Published: March 13, 2024
Highlights
The Permian Basin, the world’s most important oil and gas production area, is an emissions bellwether since it acts as both a microcosm of the oil and gas emissions universe and a decarbonization laboratory.
Stakeholders are rightfully focused on methane emissions because they are powerful climate influencers and because solutions exist today. Unfortunately, methane emissions have been devilishly difficult to quantify, with estimates generating more controversy and noise than signal.
New technologies have catapulted methane measurement forward. S&P Global Commodity Insights has partnered with Insight M, formerly Kairos Aerospace, to generate reliable, measurement-informed methane emissions estimates for the Permian.
Framing the answer is critical. Expressing emissions in absolute terms or as a percentage of natural gas output results in a surprisingly large number. However, emissions appear relatively contained when considered in the context of total energy or value produced.
Basin averages are essential but misleading if applied to specific companies.
We expect progress in methane reduction to accelerate significantly in the next three years. Many companies will beat their 2030 methane reduction targets well ahead of time.
The question of how much methane the oil and gas industry is emitting from leaks and venting has moved to center stage. At the COP28 climate summit, international oil companies made a wave of promises, all revolving around methane. Company spending on solutions has risen sharply. And because methane leakage is the key determinant of the relative climate performance of gas versus coal, it may be the largest factor in whether the Biden administration resumes LNG permitting.
In this article, we offer what we believe to be the most accurate assessment to date of the methane emissions in the heart of the US oil and gas revolution — the Permian Basin of western Texas and southeastern New Mexico.

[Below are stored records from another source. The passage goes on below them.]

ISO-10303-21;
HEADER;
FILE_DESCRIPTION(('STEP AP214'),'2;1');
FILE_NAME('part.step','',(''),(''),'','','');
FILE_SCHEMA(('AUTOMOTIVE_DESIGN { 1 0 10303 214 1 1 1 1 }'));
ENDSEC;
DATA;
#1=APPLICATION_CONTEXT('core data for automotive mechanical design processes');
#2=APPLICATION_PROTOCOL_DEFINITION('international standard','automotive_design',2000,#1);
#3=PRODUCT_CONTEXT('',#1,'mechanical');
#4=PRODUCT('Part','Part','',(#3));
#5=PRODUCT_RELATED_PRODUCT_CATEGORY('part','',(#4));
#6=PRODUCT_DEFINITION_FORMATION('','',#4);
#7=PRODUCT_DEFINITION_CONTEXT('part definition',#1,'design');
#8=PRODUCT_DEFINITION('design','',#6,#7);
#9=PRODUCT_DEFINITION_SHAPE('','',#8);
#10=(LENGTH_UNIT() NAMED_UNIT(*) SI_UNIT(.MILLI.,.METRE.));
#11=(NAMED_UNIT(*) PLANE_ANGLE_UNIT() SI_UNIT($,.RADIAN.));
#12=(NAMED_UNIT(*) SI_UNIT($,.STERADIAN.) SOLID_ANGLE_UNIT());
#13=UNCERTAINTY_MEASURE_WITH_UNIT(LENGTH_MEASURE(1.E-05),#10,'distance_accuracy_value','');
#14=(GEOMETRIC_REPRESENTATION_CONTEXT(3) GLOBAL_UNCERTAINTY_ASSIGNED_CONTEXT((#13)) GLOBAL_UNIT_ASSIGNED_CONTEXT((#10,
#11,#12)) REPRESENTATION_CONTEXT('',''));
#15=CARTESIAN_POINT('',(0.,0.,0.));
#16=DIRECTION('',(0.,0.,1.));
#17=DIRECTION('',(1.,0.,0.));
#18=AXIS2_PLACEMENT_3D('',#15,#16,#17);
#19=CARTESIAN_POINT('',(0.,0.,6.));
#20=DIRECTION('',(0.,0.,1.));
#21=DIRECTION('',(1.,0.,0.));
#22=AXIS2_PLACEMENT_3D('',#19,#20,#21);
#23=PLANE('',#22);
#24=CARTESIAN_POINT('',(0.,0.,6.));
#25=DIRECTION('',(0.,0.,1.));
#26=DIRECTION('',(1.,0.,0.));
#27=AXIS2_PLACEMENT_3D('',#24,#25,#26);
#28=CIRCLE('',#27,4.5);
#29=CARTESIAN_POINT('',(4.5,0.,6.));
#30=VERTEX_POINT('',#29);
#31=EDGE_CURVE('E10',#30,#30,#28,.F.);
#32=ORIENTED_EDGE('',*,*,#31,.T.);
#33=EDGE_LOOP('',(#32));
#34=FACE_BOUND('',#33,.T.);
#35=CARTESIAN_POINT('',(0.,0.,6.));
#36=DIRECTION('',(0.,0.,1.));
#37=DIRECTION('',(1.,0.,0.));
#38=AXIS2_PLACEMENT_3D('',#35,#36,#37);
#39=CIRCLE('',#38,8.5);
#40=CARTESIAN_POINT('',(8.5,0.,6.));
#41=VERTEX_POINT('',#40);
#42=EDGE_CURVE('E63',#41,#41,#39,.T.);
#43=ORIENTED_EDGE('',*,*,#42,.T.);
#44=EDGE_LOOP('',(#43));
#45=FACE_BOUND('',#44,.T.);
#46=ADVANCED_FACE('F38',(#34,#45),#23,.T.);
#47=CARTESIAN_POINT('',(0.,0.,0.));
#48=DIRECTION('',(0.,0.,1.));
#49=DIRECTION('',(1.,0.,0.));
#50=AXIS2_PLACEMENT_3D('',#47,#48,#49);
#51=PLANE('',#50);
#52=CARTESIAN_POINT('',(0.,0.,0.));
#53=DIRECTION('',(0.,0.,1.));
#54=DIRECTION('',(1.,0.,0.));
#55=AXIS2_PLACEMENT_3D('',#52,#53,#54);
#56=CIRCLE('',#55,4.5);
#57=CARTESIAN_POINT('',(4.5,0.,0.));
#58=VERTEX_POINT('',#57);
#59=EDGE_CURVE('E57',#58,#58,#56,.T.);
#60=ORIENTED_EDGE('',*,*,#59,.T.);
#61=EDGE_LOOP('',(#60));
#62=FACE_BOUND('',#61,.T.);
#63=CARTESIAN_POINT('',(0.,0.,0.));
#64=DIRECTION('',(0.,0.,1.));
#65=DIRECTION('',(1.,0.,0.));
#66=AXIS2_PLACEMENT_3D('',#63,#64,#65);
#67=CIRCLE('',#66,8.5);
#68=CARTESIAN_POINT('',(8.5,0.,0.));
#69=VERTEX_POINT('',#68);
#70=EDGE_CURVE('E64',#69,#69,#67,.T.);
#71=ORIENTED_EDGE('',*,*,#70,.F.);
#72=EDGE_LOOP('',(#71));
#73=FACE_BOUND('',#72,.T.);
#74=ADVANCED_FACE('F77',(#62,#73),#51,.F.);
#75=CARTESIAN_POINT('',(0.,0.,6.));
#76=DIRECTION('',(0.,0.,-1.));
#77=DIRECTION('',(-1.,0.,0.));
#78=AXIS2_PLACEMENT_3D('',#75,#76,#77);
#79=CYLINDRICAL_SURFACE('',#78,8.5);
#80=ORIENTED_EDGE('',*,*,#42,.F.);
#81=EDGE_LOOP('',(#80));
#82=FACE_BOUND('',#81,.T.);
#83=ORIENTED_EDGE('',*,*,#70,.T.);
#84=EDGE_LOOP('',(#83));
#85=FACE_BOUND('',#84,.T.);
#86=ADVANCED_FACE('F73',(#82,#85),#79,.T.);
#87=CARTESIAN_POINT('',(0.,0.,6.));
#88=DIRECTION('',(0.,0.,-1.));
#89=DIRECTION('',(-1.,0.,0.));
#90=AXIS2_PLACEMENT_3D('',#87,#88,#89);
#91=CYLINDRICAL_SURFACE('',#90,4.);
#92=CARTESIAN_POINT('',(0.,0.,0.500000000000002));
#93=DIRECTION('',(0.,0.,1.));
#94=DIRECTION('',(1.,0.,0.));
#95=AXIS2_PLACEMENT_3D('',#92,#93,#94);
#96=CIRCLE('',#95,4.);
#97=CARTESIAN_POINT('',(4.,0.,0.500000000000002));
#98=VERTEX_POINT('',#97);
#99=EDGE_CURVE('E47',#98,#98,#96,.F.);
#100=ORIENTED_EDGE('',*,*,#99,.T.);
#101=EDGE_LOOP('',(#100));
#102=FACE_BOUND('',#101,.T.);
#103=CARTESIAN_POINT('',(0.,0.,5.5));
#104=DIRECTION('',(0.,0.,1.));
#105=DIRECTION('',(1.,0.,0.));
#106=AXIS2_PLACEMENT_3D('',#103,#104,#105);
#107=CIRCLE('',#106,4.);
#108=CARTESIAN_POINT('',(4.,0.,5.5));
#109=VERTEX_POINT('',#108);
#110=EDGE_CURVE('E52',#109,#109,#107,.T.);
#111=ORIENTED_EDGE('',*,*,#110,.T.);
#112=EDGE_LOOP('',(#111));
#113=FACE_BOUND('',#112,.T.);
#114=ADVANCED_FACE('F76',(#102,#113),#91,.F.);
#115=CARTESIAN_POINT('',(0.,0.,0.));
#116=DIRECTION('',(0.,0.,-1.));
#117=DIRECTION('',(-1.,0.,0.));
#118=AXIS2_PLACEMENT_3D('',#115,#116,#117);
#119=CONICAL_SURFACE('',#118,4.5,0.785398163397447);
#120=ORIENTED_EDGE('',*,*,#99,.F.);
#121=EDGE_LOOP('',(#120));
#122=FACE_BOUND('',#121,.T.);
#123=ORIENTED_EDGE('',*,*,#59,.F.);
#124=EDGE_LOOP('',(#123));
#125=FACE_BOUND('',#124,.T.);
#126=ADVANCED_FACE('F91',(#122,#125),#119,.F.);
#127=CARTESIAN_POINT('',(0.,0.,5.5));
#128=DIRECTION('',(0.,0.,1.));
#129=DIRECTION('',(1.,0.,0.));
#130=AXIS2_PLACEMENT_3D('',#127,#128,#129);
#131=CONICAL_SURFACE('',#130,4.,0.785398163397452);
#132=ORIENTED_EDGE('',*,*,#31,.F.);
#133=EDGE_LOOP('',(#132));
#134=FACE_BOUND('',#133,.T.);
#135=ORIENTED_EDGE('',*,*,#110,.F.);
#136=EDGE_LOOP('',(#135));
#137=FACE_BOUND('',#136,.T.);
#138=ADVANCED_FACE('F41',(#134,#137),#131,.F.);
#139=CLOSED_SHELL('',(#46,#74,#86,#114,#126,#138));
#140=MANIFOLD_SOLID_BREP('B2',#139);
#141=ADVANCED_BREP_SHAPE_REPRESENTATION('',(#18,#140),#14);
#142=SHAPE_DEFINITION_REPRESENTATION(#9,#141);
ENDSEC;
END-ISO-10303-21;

In the last decade, the Permian Basin has become the most important petroleum basin in the world. Three dimensions drive its prominence:
Size and scale: Current output of 5.5 million b/d of oil and 23 Bcf/d of gas are concentrated in roughly 20 counties home to just 500,000 people. If it were a country, the basin’s oil and gas output would rank as the third-largest producer in the world. The 10-plus GW of installed solar and wind only add to the total energy produced.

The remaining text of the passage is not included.